Content starts
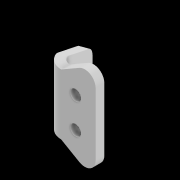
# Autodesk Inventor part: ChestPelvisConnector
Saved by Autodesk Inventor 2020 (Build 240168000, 168)
## iProperties
Created: 2020-05-07
Part Number: ChestPelvisConnector
Material: Generic
Document SubType Name: Sheet Metal
Designer: valer
Density: 1 g/cm^3
Sheet Metal Rule: Default
Appearance: Default
Author: valer
Autodesk Inventor part; units mm, degrees
note: some values were not read from the file. Chosen so that the rebuilt part matches the saved one: flange form of "Plate2".
ref_plane "YZ Plane" through (0, 0, 0) normal (1, 0, 0) x (0, 1, 0)
ref_plane "XZ Plane" through (0, 0, 0) normal (0, 1, 0) x (-1, 0, 0)
ref_plane "XY Plane" through (0, 0, 0) normal (0, 0, 1) x (1, 0, 0)
sketch "Base" plane through (0, 0, 0) normal (0, 0, 1) x (1, 0, 0)
  line L0 (-23.4822, 45.3385) -> (0, 58.896)
  line L1 (-23.4822, 13.5575) -> (-23.4822, 45.3385)
  line L2 (0, 0) -> (-23.4822, 13.5575)
  line L3 (0, 58.896) -> (0, 0)
  circle A0 centre (-11.7411, 38.3467) radius 3.175
  circle A1 centre (-11.7411, 20.5493) radius 3.175
  line L4 (-11.7411, 38.3467) -> (-11.7411, 20.5493) construction
  line L5 (-11.7411, 29.448) -> (-23.4822, 29.448) construction
  line L6 (-20.2078, 47.229) -> (-20.2078, 11.667)
  dimension "d0" = 58.896
  dimension "d1" = 27.1149
  dimension "d2" = 60
  dimension "d3" = 60
  dimension "d4" = 31.7811
  dimension "d5" = 6.35
  dimension "d6" = 17.7974
  dimension "d7" = 11.7411
  dimension "d8" = 11.7411
  dimension "d9" = 8.4667
  measures "d0" distance of L2.start L0.end
  measures "d1" distance of L2.start L1.start
  measures "d2" angle of L3 L2
  measures "d3" angle of L3 L0
  measures "d4" distance of L1.start L0.start
  measures "d5" diameter of A1
  measures "d6" distance of L4.start L4.end
  measures "d7" distance between parallel lines of L3 L4
  measures "d8" distance of L5.start L5.end
  measures "d9" distance between parallel lines of L4 L6
extrude "Plate1" add sketch "Base" along normal blind 5.08 contours L0 L3 L2 L6
sketch "Sketch2" plane through (-24.9814, 47.229, -3.3425) normal (-0.9396926, 0, 0.3420201) x (0, -1, 0)
  line L0 (35.562, 0) -> (0, 0)
  line L1 (0, 0) -> (0, -24.6359)
  line L2 (0, -24.6359) -> (35.562, -24.6359)
  line L3 (35.562, -24.6359) -> (35.562, 0)
  constraints: 6 end point, 1 horizontal, 1 perpendicular, 1 vertical
edge flange "ShockFlangeFeature" height 31.75 angle 70 thickness 5.08 bend radius 5.08 thickness toward (-0.9396926, 0, 0.3420201) relief tear relief width 5.08 relief depth 2.54 edges at (-20.2078, 29.448, 0) wall of the first edge with corners at (-24.9814, 11.667, -3.3425) (-24.9814, 47.229, -3.3425) (-33.4074, 47.229, -26.4927) (-33.4074, 11.667, -26.4927)
bend "Bend1"
corner "Corner1"
sketch "ShockFlangeDraft" plane through (-33.4074, 11.667, -26.4927) normal (0.9396926, 0, -0.3420201) x (-0.3420201, 0, -0.9396926)
  line L0 (-24.6359, 35.562) -> (-24.6359, 0) projected
  line L1 (0, 0) -> (-24.6359, 0) projected
  line L2 (0, 0) -> (0, 35.562) projected
  line L3 (0, 35.562) -> (-24.6359, 35.562) projected
  line L4 (-24.2986, 35.562) -> (0, 24.2098)
  line L5 (-24.6359, 0) -> (0, 11.5098)
  line L6 (0, 17.781) -> (-24.6359, 17.781) construction
  line L7 (-24.6359, 35.562) -> (-24.6359, 0) projected
  point P0 (-36.321, -11.667)
  dimension "d34" = 64.958
  dimension "d35" = 64.958
  dimension "d36" = 12.7
  constraints: 6 end point, 3 point on line, 2 midpoint
  measures "d34" angle of L4 L0
  measures "d35" angle of L5 L0
  measures "d36" distance of L5.end L4.end
extrude "ShockFlangeDraftFeature" cut sketch "ShockFlangeDraft" against normal blind 25.4 contours L5 L2 L1 | L3 L2 L4
fillet "FilletsFeature" radius 6.35 6 edges at (-35.7942, 35.8768, -25.624) (0, 58.896, 2.54) (0, 0, 2.54) (-27.4836, 47.229, -2.7907) (-35.7942, 23.1768, -25.624) (-27.3682, 11.667, -2.4738)
sketch "ShockMountHole" plane through (-29.755, 11.667, -1.6051) normal (-0.9396926, 0, 0.3420201) x (0.3420201, 0, 0.9396926)
  circle A0 centre (-14.6604, 17.8598) radius 9.9755 construction
  line L0 (-24.6359, 15.5519) -> (-24.6359, 20.1677) projected
  line L1 (-20.9737, 25.9208) -> (-1.6149, 34.9651) projected
  line L2 (-1.2776, 0.5969) -> (-20.9737, 9.7989) projected
  circle A1 centre (-14.6604, 17.8598) radius 3.175
  point P0 (-0.1927, 28.9261)
  dimension "d37" = 6.35
  constraints: 3 tangent, 2 centre point, 1 coincident
  measures "d37" diameter of A1
hole "ShockMountHoleFeature" at (-34.7692, 29.5268, -15.3813) direction (0.9396926, 0, -0.3420201) diameter 6.35 end through all
equation "\"d35\" = d34"
equation "\"d32\" = Thickness"
equation "\"d10\" = Thickness"
equation "\"d11\" = BendReliefWidth"
equation "\"d12\" = BendReliefDepth"
equation "\"d13\" = MinimumRemnant"
equation "\"d14\" = TransitionRadius"
equation "\"d17\" = BendRadius"
equation "\"d18\" = CornerReliefSize"
equation "\"d19\" = GapSize"
equation "\"d20\" = JacobiRadiusSize"
equation "\"BendRadius\" = Thickness"
equation "\"BendReliefWidth\" = Thickness"
equation "\"BendReliefDepth\" = 0.5 * Thickness"
equation "\"CornerReliefSize\" = 4 * Thickness"
equation "\"MinimumRemnant\" = 2 * Thickness"
equation "\"TransitionRadius\" = BendRadius"
equation "\"JacobiRadiusSize\" = BendRadius"
equation "\"GapSize\" = Thickness"
equation "\"Thickness\" = 5.08"
body "Solid1"
Content ends
◆ REQUIRED WORK
Go through the listing, and whenever a line contains the string "construction", copy that line.

◆ ANSWER TO THIS PROBLEM
  line L4 (-11.7411, 38.3467) -> (-11.7411, 20.5493) construction
  line L5 (-11.7411, 29.448) -> (-23.4822, 29.448) construction
  line L6 (0, 17.781) -> (-24.6359, 17.781) construction
  circle A0 centre (-14.6604, 17.8598) radius 9.9755 construction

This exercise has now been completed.